A year earlier in June 1963, Carson delivered a statement before Congress raising awareness of the environmental hazards of pesticides as well as their link to diseases like cancer. Below is an excerpt from her speech:

“The contamination of the environment with harmful substances is one of the major problems of modern life. The world of air and water and soil supports not only the hundreds of thousands of species of animals and plants, it supports man himself. In the past we have often chosen to ignore this fact. Now we are receiving sharp reminders that our heedless and destructive acts enter into the vast cycles of the earth and in time return to bring hazard to ourselves.”

Photographs taken during her speech show that Carson was wearing a wig to conceal her ill health. She had breast cancer, and was dying of the very disease she was fighting to prove could be traced back to these harmful chemicals.

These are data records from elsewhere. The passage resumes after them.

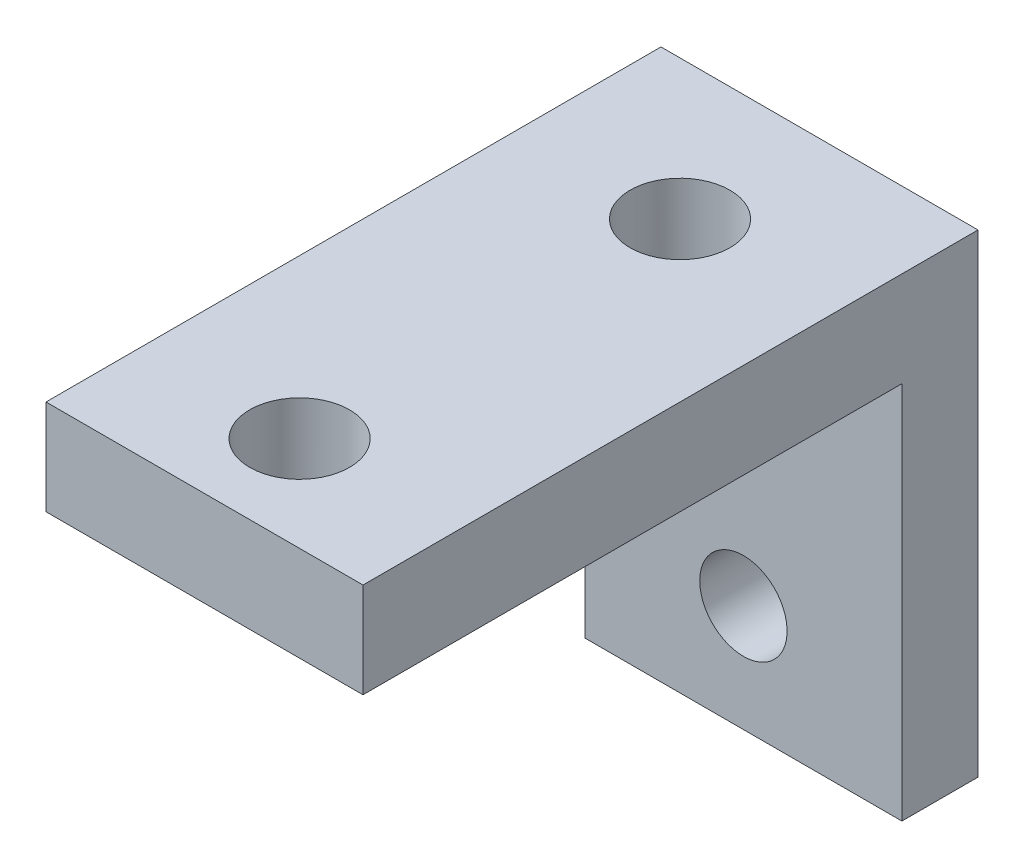
SolidWorks part; units mm, degrees
ref_plane "Front Plane" through (0, 0, 0) normal (0, 0, 1) x (1, 0, 0)
ref_plane "Top Plane" through (0, 0, 0) normal (0, 1, 0) x (1, 0, 0)
ref_plane "Right Plane" through (0, 0, 0) normal (1, 0, 0) x (0, 0, -1)
sketch "Sketch1" plane through (0, 0, 0) normal (0, 0, 1) x (1, 0, 0)
  line L0 (0, 9.493) -> (0, -9.493) construction
  line L1 (-6.35, -9.493) -> (6.35, -9.493)
  line L2 (-6.35, -9.493) -> (-6.35, 9.493)
  line L3 (-6.35, 9.493) -> (6.35, 9.493)
  line L4 (6.35, -9.493) -> (6.35, 9.493)
  line L5 (-6.35, -9.493) -> (6.35, 9.493) construction
  line L6 (-6.35, 9.493) -> (6.35, -9.493) construction
  circle A0 centre (0, -5.203) radius 1.75
  point P0 (0, 0)
  point P11 (0, -6.953)
  dimension "D3" = 3.5
  dimension "D1" = 18.986
  dimension "D2" = 12.7
  dimension "D4" = 2.54
extrude "Boss-Extrude1" add sketch "Sketch1" along normal blind 3.048
sketch "Sketch3" plane through (6.35, 0, 0) normal (1, 0, 0) x (0, 0, -1)
  line L1 (-3.048, 9.493) -> (-24.638, 9.493)
  line L2 (-3.048, 9.493) -> (-3.048, 5.683)
  line L3 (-3.048, 5.683) -> (-24.638, 5.683)
  line L4 (-24.638, 9.493) -> (-24.638, 5.683)
  dimension "D1" = 3.81
  dimension "D2" = 21.59
extrude "Boss-Extrude2" add sketch "Sketch3" against normal through all
sketch "Sketch4" plane through (0, 9.493, 0) normal (0, 1, 0) x (1, 0, 0)
  line L0 (-6.35, -24.638) -> (6.35, -24.638) construction
  line L1 (0, 0) -> (0, -24.638) construction
  line L2 (6.35, 0) -> (-6.35, 0) construction
  line L6 (-6.35, -13.208) -> (6.35, -13.208) construction
  circle A0 centre (0, -20.828) radius 2
  circle A1 centre (0, -5.588) radius 2
  point P18 (6.35, -2.8217)
  dimension "D2" = 4
  dimension "D1" = 3.81
  dimension "D3" = 11.43
extrude "Cut-Extrude1" cut sketch "Sketch4" against normal through all

But even she wasn’t aware how dire her diagnosis was. She’d previously had a breast tumor removed in 1950, and there was no further treatment suggested at the time.

“Because she was a woman and wasn’t married, her doctors wouldn’t talk to her about it,” DeMarco said. “She learned too late. She already had stage 4 metastatic cancer.”

Not only did Carson square off against the industrial economic powers of the time, but she had to fight medical professionals simply to learn the truth about her illness. But it’s not a mystery why she kept this information secret from the public — if the chemical industry found out, they would use her illness to question her scientific objectivity. In the hopes of manifesting a better tomorrow for others, she kept her own battles at bay.

And a better tomorrow did come: Because of Carson, generations of scientists, environmentalists, and writers were inspired to advocate for Mother Earth — much like Patricia DeMarco.

“I would like to see Pittsburgh recognize her ethic of care for the next generation. She was so inclusive in her love and understanding that we are all connected and our livelihood depends on the living Earth,” DeMarco said. “We have so much to learn from her.”